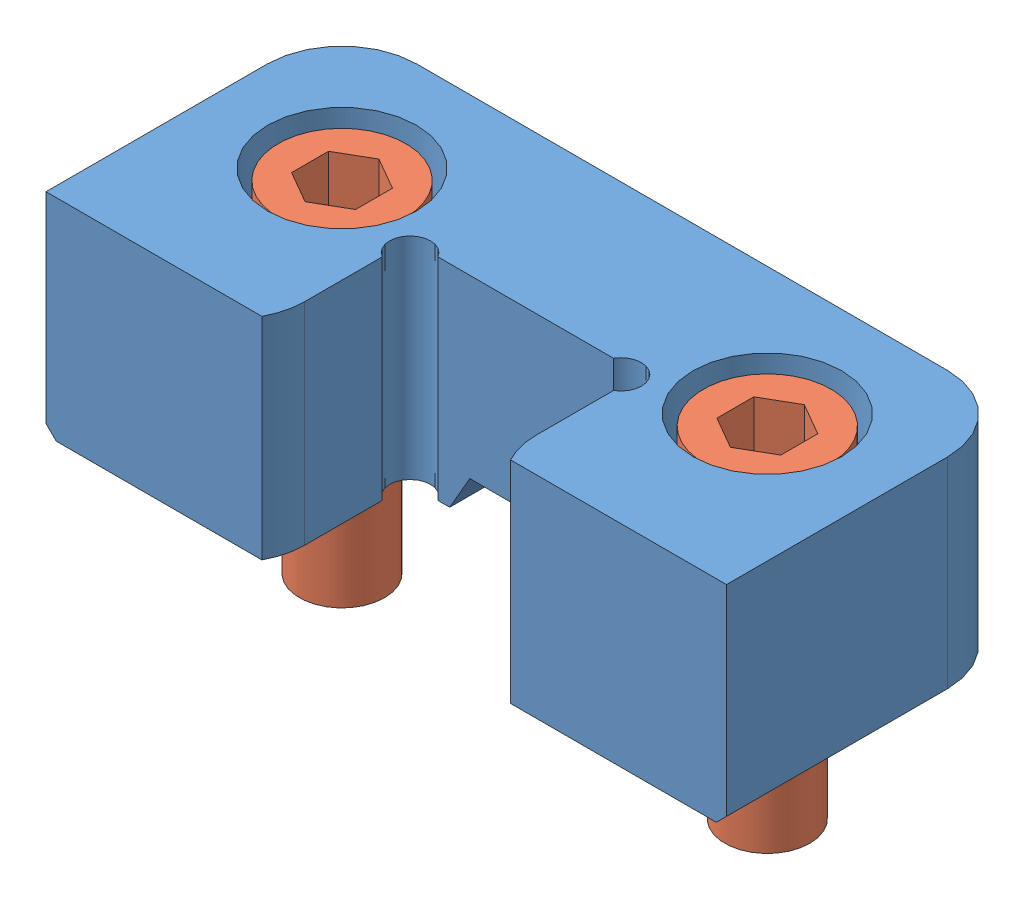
SolidWorks assembly SL62X200-F.SLDASM, configuration Default (file format 13000). Lengths in mm.
Overall size (50.8 26.19 22.1).
3 component instances, 2 part files, 5 mates.
Components (placement in the parent):
- SL62X200 FEMALE-1: SL62X200 FEMALE.sldprt [Default] at origin size (50.8 15.75 22.1)
- SHCS25-20L.75-1: SHCS25-20L.75.sldprt [SHCS25-20L.75] at (15.875 -7.1437 -12.573) x (1 0 0) z (0 -1 0) size (9.53 9.53 25.4)
- SHCS25-20L.75-2: SHCS25-20L.75.sldprt [SHCS25-20L.75] at (-15.875 -7.1437 -12.573) x (1 0 0) z (0 -1 0) size (9.53 9.53 25.4)
Mates (geometry in assembly coordinates):
- Coincident1: coincident anti-aligned: plane of SLC62X200 FEMALE-1 through (19.1389 -7.1437 -12.573) normal (0 1 0); plane of SHCS25L.75-1 through (15.875 -7.1437 -15.748) normal (0 -1 0)
- Concentric1: concentric anti-aligned: cylinder of SLC62X200 FEMALE-1 through (15.875 0 -12.573) axis (0 1 0) radius 3.2639; cylinder of SHCS25L.75-1 through (15.875 -26.1937 -12.573) axis (0 -1 0) radius 3.175
- Coincident2: coincident aligned: plane of SLC62X200 FEMALE-1 through (0 0 0) normal (0 0 1); plane of assembly through (0 0 0) normal (0 0 1)
- Coincident3: coincident aligned: plane of SLC62X200 FEMALE-1 through (0 0 0) normal (0 1 0); plane of assembly through (0 0 0) normal (0 1 0)
- Coincident4: coincident aligned: plane of SLC62X200 FEMALE-1 through (0 0 0) normal (1 0 0); plane of assembly through (0 0 0) normal (1 0 0)

_ _ _

Your assignment: Please reproduce the line containing "- Coincident3: coincident" and each line after it to the end of the listing, exactly, with nothing added or left out.

Your solution:
- Coincident3: coincident aligned: plane of SLC62X200 FEMALE-1 through (0 0 0) normal (0 1 0); plane of assembly through (0 0 0) normal (0 1 0)
- Coincident4: coincident aligned: plane of SLC62X200 FEMALE-1 through (0 0 0) normal (1 0 0); plane of assembly through (0 0 0) normal (1 0 0)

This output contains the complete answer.